• [Items listed in a dataset]
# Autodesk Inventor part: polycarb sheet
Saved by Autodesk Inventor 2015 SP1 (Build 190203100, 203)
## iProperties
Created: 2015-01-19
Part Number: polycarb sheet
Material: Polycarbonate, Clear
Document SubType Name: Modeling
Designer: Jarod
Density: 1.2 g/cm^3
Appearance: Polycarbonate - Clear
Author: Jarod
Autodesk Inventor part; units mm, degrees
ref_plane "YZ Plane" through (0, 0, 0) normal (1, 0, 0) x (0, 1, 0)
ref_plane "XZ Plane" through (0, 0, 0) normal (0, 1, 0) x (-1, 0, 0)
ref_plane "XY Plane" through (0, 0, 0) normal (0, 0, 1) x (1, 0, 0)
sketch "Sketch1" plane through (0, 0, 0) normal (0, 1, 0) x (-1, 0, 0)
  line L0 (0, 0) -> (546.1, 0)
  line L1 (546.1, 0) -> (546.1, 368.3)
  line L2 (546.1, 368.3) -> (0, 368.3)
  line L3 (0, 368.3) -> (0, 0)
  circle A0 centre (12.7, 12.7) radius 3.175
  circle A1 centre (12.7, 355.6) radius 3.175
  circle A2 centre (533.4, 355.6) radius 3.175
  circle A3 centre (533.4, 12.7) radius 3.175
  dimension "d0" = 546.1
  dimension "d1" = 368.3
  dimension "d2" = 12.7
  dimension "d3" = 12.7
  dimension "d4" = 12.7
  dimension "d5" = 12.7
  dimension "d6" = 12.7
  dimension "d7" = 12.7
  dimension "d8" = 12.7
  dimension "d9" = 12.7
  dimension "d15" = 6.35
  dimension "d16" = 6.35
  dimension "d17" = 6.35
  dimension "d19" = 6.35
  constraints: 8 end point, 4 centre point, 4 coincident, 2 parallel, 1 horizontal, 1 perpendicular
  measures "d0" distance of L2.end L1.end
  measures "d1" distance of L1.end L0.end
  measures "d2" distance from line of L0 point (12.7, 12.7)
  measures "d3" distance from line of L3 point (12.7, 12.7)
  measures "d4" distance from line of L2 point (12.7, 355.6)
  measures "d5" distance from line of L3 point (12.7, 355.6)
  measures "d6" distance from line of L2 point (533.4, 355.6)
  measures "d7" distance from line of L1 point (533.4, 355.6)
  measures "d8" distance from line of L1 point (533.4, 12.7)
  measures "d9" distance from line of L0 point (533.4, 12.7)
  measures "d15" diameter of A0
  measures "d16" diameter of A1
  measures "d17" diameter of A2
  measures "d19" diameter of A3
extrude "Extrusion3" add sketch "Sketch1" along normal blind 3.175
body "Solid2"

• [Exercise instructions]
Reproduce the data above in full, keeping it exactly the same.

• [Exercise answer]
# Autodesk Inventor part: polycarb sheet
Saved by Autodesk Inventor 2015 SP1 (Build 190203100, 203)
## iProperties
Created: 2015-01-19
Part Number: polycarb sheet
Material: Polycarbonate, Clear
Document SubType Name: Modeling
Designer: Jarod
Density: 1.2 g/cm^3
Appearance: Polycarbonate - Clear
Author: Jarod
Autodesk Inventor part; units mm, degrees
ref_plane "YZ Plane" through (0, 0, 0) normal (1, 0, 0) x (0, 1, 0)
ref_plane "XZ Plane" through (0, 0, 0) normal (0, 1, 0) x (-1, 0, 0)
ref_plane "XY Plane" through (0, 0, 0) normal (0, 0, 1) x (1, 0, 0)
sketch "Sketch1" plane through (0, 0, 0) normal (0, 1, 0) x (-1, 0, 0)
  line L0 (0, 0) -> (546.1, 0)
  line L1 (546.1, 0) -> (546.1, 368.3)
  line L2 (546.1, 368.3) -> (0, 368.3)
  line L3 (0, 368.3) -> (0, 0)
  circle A0 centre (12.7, 12.7) radius 3.175
  circle A1 centre (12.7, 355.6) radius 3.175
  circle A2 centre (533.4, 355.6) radius 3.175
  circle A3 centre (533.4, 12.7) radius 3.175
  dimension "d0" = 546.1
  dimension "d1" = 368.3
  dimension "d2" = 12.7
  dimension "d3" = 12.7
  dimension "d4" = 12.7
  dimension "d5" = 12.7
  dimension "d6" = 12.7
  dimension "d7" = 12.7
  dimension "d8" = 12.7
  dimension "d9" = 12.7
  dimension "d15" = 6.35
  dimension "d16" = 6.35
  dimension "d17" = 6.35
  dimension "d19" = 6.35
  constraints: 8 end point, 4 centre point, 4 coincident, 2 parallel, 1 horizontal, 1 perpendicular
  measures "d0" distance of L2.end L1.end
  measures "d1" distance of L1.end L0.end
  measures "d2" distance from line of L0 point (12.7, 12.7)
  measures "d3" distance from line of L3 point (12.7, 12.7)
  measures "d4" distance from line of L2 point (12.7, 355.6)
  measures "d5" distance from line of L3 point (12.7, 355.6)
  measures "d6" distance from line of L2 point (533.4, 355.6)
  measures "d7" distance from line of L1 point (533.4, 355.6)
  measures "d8" distance from line of L1 point (533.4, 12.7)
  measures "d9" distance from line of L0 point (533.4, 12.7)
  measures "d15" diameter of A0
  measures "d16" diameter of A1
  measures "d17" diameter of A2
  measures "d19" diameter of A3
extrude "Extrusion3" add sketch "Sketch1" along normal blind 3.175
body "Solid2"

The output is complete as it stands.